This week, Clint has a conversation with researcher, author and speaker Dr. Timothy R. Clark, the founder of LeaderFactor. In part one, Tim shares how leaders can build psychological safety in their organizations by creating an environment of rewarded vulnerability, why Google’s Project Aristotle is one of the most important team performance studies over the past decade, why half of employees will reduce their productivity when psychological safety is low, and how he defines respect.
Find out more about Tim and LeaderFactor here, and follow him on LinkedIn and Twitter.
About Timothy R. Clark:
Tim is founder and CEO of LeaderFactor and is based in Salt Lake City, Utah.
Tim ranks as a global authority in the fields of senior executive development, strategy acceleration, and organizational change.

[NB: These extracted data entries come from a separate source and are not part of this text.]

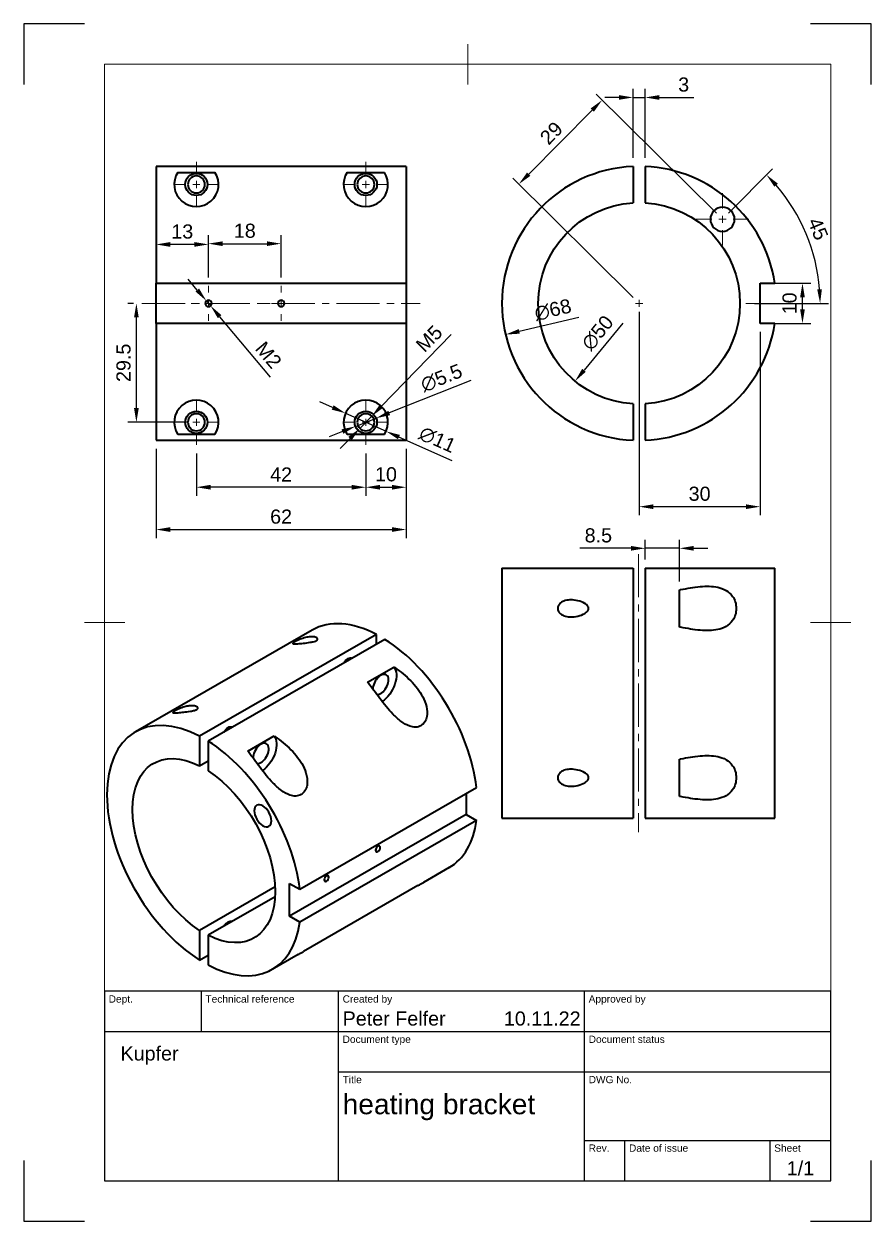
# Model space of a CAD drawing. Header units: millimetres. Extents: x 0 to 210, y 0 to 297.
import ezdxf
from ezdxf.enums import TextEntityAlignment as Align

# ---------------------------------------------------------------- set-up
doc = ezdxf.new("R2010")
doc.units = ezdxf.units.MM
doc.header["$LTSCALE"] = 0.75
doc.linetypes.add('CENTER2', pattern=[28.575, 19.05, -3.175, 3.175, -3.175])
for name, color, linetype, lineweight in [('BORDER', 7, 'Continuous', 18), ('FD_Dimensions', 7, 'Continuous', 18), ('Notes', 7, 'Continuous', 18), ('Smart Centers', 7, 'CENTER2', 18), ('TITLEBLOCK', 7, 'Continuous', 25), ('Visible', 7, 'Continuous', 35)]:
    doc.layers.add(name, color=color, linetype=linetype, lineweight=lineweight)
doc.styles.add('FusionTitle', font='arial.ttf')
doc.styles.get("Standard").update_dxf_attribs({"font": 'arial.ttf'})
doc.dimstyles.new('Dim-ISO-25', dxfattribs={"dimtxt": 3.5, "dimasz": 3.5, "dimexe": 2.1, "dimexo": 2.1, "dimgap": 1.4, "dimtad": 1, "dimzin": 12, "dimdsep": 46, "dimtxsty": 'Standard', "dimcen": 0, "dimazin": 3, "dimtp": 0.1, "dimtm": 0.1, "dimtfac": 0.714286, "dimtmove": 0, "dimatfit": 3, "dimfxl": 1, "dimtzin": 12, "dimarcsym": 0})

# ---------------------------------------------------------------- blocks, each defined once
blk = doc.blocks.new('ISO_A4(P)_SHEET')
at = {"layer": 'BORDER'}
for p, q in [((110, 292), (110, 282)), ((200, 287), (20, 287)), ((20, 287), (20, 10)), ((200, 287), (200, 10)), ((15, 148.5), (25, 148.5)), ((205, 148.5), (195, 148.5)), ((20, 10), (200, 10))]:
    blk.add_line(p, q, dxfattribs=at)
at = {"layer": 'Defpoints'}
for p, q in [((15, 297), (0, 297)), ((0, 297), (0, 282)), ((210, 297), (195, 297)), ((210, 282), (210, 297)), ((0, 15), (0, 0)), ((210, 0), (210, 15)), ((0, 0), (15, 0)), ((195, 0), (210, 0))]:
    blk.add_line(p, q, dxfattribs=at)
blk = doc.blocks.new('ISO_TITLEBLOCK')
at = {"layer": 'TITLEBLOCK'}
for p, q in [((0, 47), (-180, 47)), ((-180, 47), (-180, 0)), ((-156, 37), (-156, 47)), ((-122, 0), (-122, 47)), ((-61, 0), (-61, 47)), ((0, 0), (0, 47)), ((-180, 37), (0, 37)), ((-122, 27), (0, 27)), ((-61, 10), (0, 10)), ((-51, 0), (-51, 10)), ((-15, 0), (-15, 10)), ((-180, 0), (0, 0))]:
    blk.add_line(p, q, dxfattribs=at)
at = {"layer": 'TITLEBLOCK', "style": 'FusionTitle'}
for s, p in [('Dept.', (-179, 46)), ('Technical reference', (-155, 46)), ('Created by', (-121, 46)), ('Approved by', (-60, 46)), ('Document type', (-121, 36)), ('Document status', (-60, 36)), ('Title', (-121, 26)), ('DWG No.', (-60, 26)), ('Rev.', (-60, 9)), ('Date of issue', (-50, 9)), ('Sheet', (-14, 9))]:
    blk.add_text(s, height=1.8, dxfattribs=at).set_placement(p, align=Align.TOP_LEFT)
for tag, height, p in [('DEPT', 3.5, (-179, 42)), ('TECHNICAL_REFERENCE', 3.5, (-155, 42)), ('CREATED_BY', 3.5, (-121, 42)), ('APPROVED_BY', 3.5, (-60, 42)), ('DOCUMENT_TYPE', 3.5, (-121, 32)), ('DOCUMENT_STATUS', 3.5, (-60, 32)), ('TITLE_1', 5, (-121, 21.5)), ('TITLE_2', 5, (-121, 14)), ('TITLE_3', 5, (-121, 6.5)), ('DATE_OF_ISSUE', 3.5, (-50, 5))]:
    blk.add_attdef(tag, text='', height=height, dxfattribs=at).set_placement(p, align=Align.TOP_LEFT)
for tag, p in [('CREATED_DATE', (-62, 42)), ('APPROVED_DATE', (-0.99, 42))]:
    blk.add_attdef(tag, text='', height=3.5, dxfattribs=at).set_placement(p, align=Align.TOP_RIGHT)
for tag, height, p in [('DRAWING_NUMBER', 5, (-30.5, 19.75)), ('REV', 3.5, (-56, 4.85)), ('SHEET', 3.5, (-7.5, 4.85))]:
    blk.add_attdef(tag, text='', height=height, dxfattribs=at).set_placement(p, align=Align.TOP_CENTER)
blk = doc.blocks.new('*U7')
at = {"layer": 'Smart Centers', "color": 0, "ltscale": 0.75, "transparency": 16777216}
blk.add_line((-34.5, 0), (34.5, 0), dxfattribs=at)
blk = doc.blocks.new('*U8')
at = {"layer": 'Smart Centers', "color": 0, "ltscale": 0.75, "transparency": 16777216}
blk.add_line((0, 34.5), (0, -34.5), dxfattribs=at)
blk = doc.blocks.new('*U9')
at = {"layer": 'Smart Centers', "color": 0, "linetype": 'Continuous', "ltscale": 0.75, "transparency": 16777216}
for p, q in [((-0.892969, 0), (0.892969, 0)), ((0, -0.892969), (0, 0.892969))]:
    blk.add_line(p, q, dxfattribs=at)
blk = doc.blocks.new('*D39')
at = {"layer": 'Defpoints', "color": 0, "transparency": 16777216}
for p in [(168.382004, 246.982038), (136.617181, 208.36862)]:
    blk.add_point(p, dxfattribs=at)
at = {"layer": 'FD_Dimensions', "color": 0, "lineweight": -2, "transparency": 16777216}
blk.add_line((148.439849, 222.740292), (138.840719, 211.07156), dxfattribs=at)
at = {"layer": 'FD_Dimensions', "color": 0, "transparency": 16777216}
blk.add_solid([(138.390229, 211.442149), (139.291209, 210.70097), (136.617181, 208.36862)], dxfattribs=at)
at = {"layer": 'FD_Dimensions', "color": 0, "transparency": 16777216, "insert": (142.215236, 220.344275), "char_height": 3.5, "attachment_point": 5, "rotation": 50.55803171}
blk.add_mtext('∅50', dxfattribs=at)
blk = doc.blocks.new('*D40')
at = {"layer": 'Defpoints', "color": 0, "transparency": 16777216}
for p in [(185.60631, 235.417763), (119.392876, 219.932896)]:
    blk.add_point(p, dxfattribs=at)
at = {"layer": 'FD_Dimensions', "color": 0, "lineweight": -2, "transparency": 16777216}
blk.add_line((137.532227, 224.175017), (122.80092, 220.729911), dxfattribs=at)
at = {"layer": 'FD_Dimensions', "color": 0, "transparency": 16777216}
blk.add_solid([(122.668084, 221.297918), (122.933756, 220.161904), (119.392876, 219.932896)], dxfattribs=at)
at = {"layer": 'FD_Dimensions', "color": 0, "transparency": 16777216, "insert": (131.122565, 226.049559), "char_height": 3.5, "attachment_point": 5, "rotation": 13.16281541}
blk.add_mtext('∅68', dxfattribs=at)
blk = doc.blocks.new('*U12')
at = {"layer": 'Smart Centers', "color": 0, "ltscale": 0.75, "transparency": 16777216}
for p, q in [((0, 2.678906), (0, 6.5)), ((-6.5, 0), (-2.678906, 0)), ((2.678906, 0), (6.5, 0)), ((0, -6.5), (0, -2.678906))]:
    blk.add_line(p, q, dxfattribs=at)
at = {"layer": 'Smart Centers', "color": 0, "linetype": 'Continuous', "ltscale": 0.75, "transparency": 16777216}
for p, q in [((-0.892969, 0), (0.892969, 0)), ((0, -0.892969), (0, 0.892969))]:
    blk.add_line(p, q, dxfattribs=at)
blk = doc.blocks.new('*D41')
at = {"layer": 'Defpoints', "color": 0, "transparency": 16777216}
for p in [(152.499593, 227.675329), (182.499593, 222.675329), (152.499593, 177.234792)]:
    blk.add_point(p, dxfattribs=at)
at = {"layer": 'FD_Dimensions', "color": 0, "lineweight": -2, "transparency": 16777216}
for p, q in [((152.499593, 225.575329), (152.499593, 175.134792)), ((182.499593, 220.575329), (182.499593, 175.134792)), ((178.999593, 177.234792), (155.999593, 177.234792))]:
    blk.add_line(p, q, dxfattribs=at)
at = {"layer": 'FD_Dimensions', "color": 0, "transparency": 16777216}
for points in [[(155.999593, 177.818125), (155.999593, 176.651459), (152.499593, 177.234792)], [(178.999593, 177.818125), (178.999593, 176.651459), (182.499593, 177.234792)]]:
    blk.add_solid(points, dxfattribs=at)
at = {"layer": 'FD_Dimensions', "color": 0, "transparency": 16777216, "insert": (167.499593, 180.422991), "char_height": 3.5, "attachment_point": 5}
blk.add_mtext('30', dxfattribs=at)
blk = doc.blocks.new('*U14')
at = {"layer": 'Smart Centers', "color": 0, "ltscale": 0.75, "transparency": 16777216}
for p, q in [((0, 2.678906), (0, 4.3115)), ((-4.3115, 0), (-2.678906, 0)), ((2.678906, 0), (4.3115, 0)), ((0, -4.3115), (0, -2.678906))]:
    blk.add_line(p, q, dxfattribs=at)
at = {"layer": 'Smart Centers', "color": 0, "linetype": 'Continuous', "ltscale": 0.75, "transparency": 16777216}
for p, q in [((-0.892969, 0), (0.892969, 0)), ((0, -0.892969), (0, 0.892969))]:
    blk.add_line(p, q, dxfattribs=at)
blk = doc.blocks.new('*U15')
at = {"layer": 'Smart Centers', "color": 0, "ltscale": 0.75, "transparency": 16777216}
for p, q in [((0, 2.678906), (0, 4.3115)), ((-4.3115, 0), (-2.678906, 0)), ((2.678906, 0), (4.3115, 0)), ((0, -4.3115), (0, -2.678906))]:
    blk.add_line(p, q, dxfattribs=at)
at = {"layer": 'Smart Centers', "color": 0, "linetype": 'Continuous', "ltscale": 0.75, "transparency": 16777216}
for p, q in [((-0.892969, 0), (0.892969, 0)), ((0, -0.892969), (0, 0.892969))]:
    blk.add_line(p, q, dxfattribs=at)
blk = doc.blocks.new('*D42')
at = {"layer": 'Defpoints', "color": 0, "transparency": 16777216}
for p in [(182.499593, 232.675329), (192.999593, 232.675329), (182.499593, 222.675329)]:
    blk.add_point(p, dxfattribs=at)
at = {"layer": 'FD_Dimensions', "color": 0, "lineweight": -2, "transparency": 16777216}
for p, q in [((184.599593, 232.675329), (195.099593, 232.675329)), ((192.999593, 226.175329), (192.999593, 229.175329)), ((184.599593, 222.675329), (195.099593, 222.675329))]:
    blk.add_line(p, q, dxfattribs=at)
at = {"layer": 'FD_Dimensions', "color": 0, "transparency": 16777216}
for points in [[(192.41626, 229.175329), (193.582926, 229.175329), (192.999593, 232.675329)], [(192.41626, 226.175329), (193.582926, 226.175329), (192.999593, 222.675329)]]:
    blk.add_solid(points, dxfattribs=at)
at = {"layer": 'FD_Dimensions', "color": 0, "transparency": 16777216, "insert": (189.812587, 227.675329), "char_height": 3.5, "attachment_point": 5, "rotation": 90}
blk.add_mtext('10', dxfattribs=at)
blk = doc.blocks.new('*U17')
at = {"layer": 'Smart Centers', "color": 0, "ltscale": 0.75, "transparency": 16777216}
for p, q in [((0, 2.678906), (0, 5.617)), ((-5.617, 0), (-2.678906, 0)), ((2.678906, 0), (5.617, 0)), ((0, -5.617), (0, -2.678906))]:
    blk.add_line(p, q, dxfattribs=at)
at = {"layer": 'Smart Centers', "color": 0, "linetype": 'Continuous', "ltscale": 0.75, "transparency": 16777216}
for p, q in [((-0.892969, 0), (0.892969, 0)), ((0, -0.892969), (0, 0.892969))]:
    blk.add_line(p, q, dxfattribs=at)
blk = doc.blocks.new('*U18')
at = {"layer": 'Smart Centers', "color": 0, "ltscale": 0.75, "transparency": 16777216}
for p, q in [((0, 2.678906), (0, 5.617)), ((-5.617, 0), (-2.678906, 0)), ((2.678906, 0), (5.617, 0)), ((0, -5.617), (0, -2.678906))]:
    blk.add_line(p, q, dxfattribs=at)
at = {"layer": 'Smart Centers', "color": 0, "linetype": 'Continuous', "ltscale": 0.75, "transparency": 16777216}
for p, q in [((-0.892969, 0), (0.892969, 0)), ((0, -0.892969), (0, 0.892969))]:
    blk.add_line(p, q, dxfattribs=at)
blk = doc.blocks.new('*U19')
at = {"layer": 'Smart Centers', "color": 0, "ltscale": 0.75, "transparency": 16777216}
for p, q in [((0, 2.678906), (0, 5.617)), ((-5.617, 0), (-2.678906, 0)), ((2.678906, 0), (5.617, 0)), ((0, -5.617), (0, -2.678906))]:
    blk.add_line(p, q, dxfattribs=at)
at = {"layer": 'Smart Centers', "color": 0, "linetype": 'Continuous', "ltscale": 0.75, "transparency": 16777216}
for p, q in [((-0.892969, 0), (0.892969, 0)), ((0, -0.892969), (0, 0.892969))]:
    blk.add_line(p, q, dxfattribs=at)
blk = doc.blocks.new('*U20')
at = {"layer": 'Smart Centers', "color": 0, "ltscale": 0.75, "transparency": 16777216}
for p, q in [((0, 2.678906), (0, 5.617)), ((-5.617, 0), (-2.678906, 0)), ((2.678906, 0), (5.617, 0)), ((0, -5.617), (0, -2.678906))]:
    blk.add_line(p, q, dxfattribs=at)
at = {"layer": 'Smart Centers', "color": 0, "linetype": 'Continuous', "ltscale": 0.75, "transparency": 16777216}
for p, q in [((-0.892969, 0), (0.892969, 0)), ((0, -0.892969), (0, 0.892969))]:
    blk.add_line(p, q, dxfattribs=at)
blk = doc.blocks.new('*D43')
at = {"layer": 'Defpoints', "color": 0, "transparency": 16777216}
for p in [(42.746189, 192.558329), (84.746189, 192.558329), (42.746189, 182.058329)]:
    blk.add_point(p, dxfattribs=at)
at = {"layer": 'FD_Dimensions', "color": 0, "lineweight": -2, "transparency": 16777216}
for p, q in [((42.746189, 190.458329), (42.746189, 179.958329)), ((84.746189, 190.458329), (84.746189, 179.958329)), ((81.246189, 182.058329), (46.246189, 182.058329))]:
    blk.add_line(p, q, dxfattribs=at)
at = {"layer": 'FD_Dimensions', "color": 0, "transparency": 16777216}
for points in [[(46.246189, 182.641663), (46.246189, 181.474996), (42.746189, 182.058329)], [(81.246189, 182.641663), (81.246189, 181.474996), (84.746189, 182.058329)]]:
    blk.add_solid(points, dxfattribs=at)
at = {"layer": 'FD_Dimensions', "color": 0, "transparency": 16777216, "insert": (63.746189, 185.215492), "char_height": 3.5, "attachment_point": 5}
blk.add_mtext('42', dxfattribs=at)
blk = doc.blocks.new('*D44')
at = {"layer": 'Defpoints', "color": 0, "transparency": 16777216}
for p in [(94.746189, 193.708434), (84.746189, 192.558329), (94.746189, 182.058329)]:
    blk.add_point(p, dxfattribs=at)
at = {"layer": 'FD_Dimensions', "color": 0, "lineweight": -2, "transparency": 16777216}
for p, q in [((84.746189, 190.458329), (84.746189, 179.958329)), ((94.746189, 191.608434), (94.746189, 179.958329)), ((88.246189, 182.058329), (91.246189, 182.058329))]:
    blk.add_line(p, q, dxfattribs=at)
at = {"layer": 'FD_Dimensions', "color": 0, "transparency": 16777216}
for points in [[(88.246189, 182.641663), (88.246189, 181.474996), (84.746189, 182.058329)], [(91.246189, 182.641663), (91.246189, 181.474996), (94.746189, 182.058329)]]:
    blk.add_solid(points, dxfattribs=at)
at = {"layer": 'FD_Dimensions', "color": 0, "transparency": 16777216, "insert": (89.746189, 185.245335), "char_height": 3.5, "attachment_point": 5}
blk.add_mtext('10', dxfattribs=at)
blk = doc.blocks.new('*D45')
at = {"layer": 'Defpoints', "color": 0, "transparency": 16777216}
for p in [(32.746189, 193.708434), (94.746189, 193.708434), (94.746189, 171.561742)]:
    blk.add_point(p, dxfattribs=at)
at = {"layer": 'FD_Dimensions', "color": 0, "lineweight": -2, "transparency": 16777216}
for p, q in [((32.746189, 191.608434), (32.746189, 169.461742)), ((94.746189, 191.608434), (94.746189, 169.461742)), ((36.246189, 171.561742), (91.246189, 171.561742))]:
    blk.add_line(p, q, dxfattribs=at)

He is the author of five books:
• Epic Change: How to Lead Change in the Global Age (John Wiley/Jossey-Bass), which CEO Refresher named the best management book on change in 2008. Stephen R. Covey called Epic Change “absolutely brilliant material,” and Dave Ulrich of the University of Michigan calls it a “neo-classic.”
• Leadership Bones (Bradmore Road Press 2009)
• The Employee Engagement Mindset (McGraw-Hill 2012)
• Leading with Character and Competence (Berrett Koehler 2016)
• The 4 Stages of Psychological Safety (Berrett Koehler 2020)
Tim has written more than 150 articles on leadership, change, strategy, human capital, culture, and employee engagement in publications such as Harvard Business Review, Forbes, and Fast Company. He is a highly sought-after advisor, coach, and facilitator to CEOs and senior leadership teams. He has worked with leading organizations around the world.
Tim’s leadership experience is extensive. He was previously President and CEO of Decker, a consulting firm based in San Francisco, and CEO of Novations SDC, a consulting and training firm based in Boston. Prior to these assignments, Dr. Clark spent several years in manufacturing, serving as a vice president of operations and plant manager of Geneva Steel Company. He began his career as a survey research project director for what is now Harris Interactive in Washington, D.C.
Dr. Clark earned a doctorate degree in Social Science from Oxford University and was both a Fulbright and British Research Scholar. He also earned a master’s degree in Government and Economics from the University of Utah. As an undergraduate at Brigham Young University, he was named a first-team Academic All-American football player where he completed a triple degree cum laude.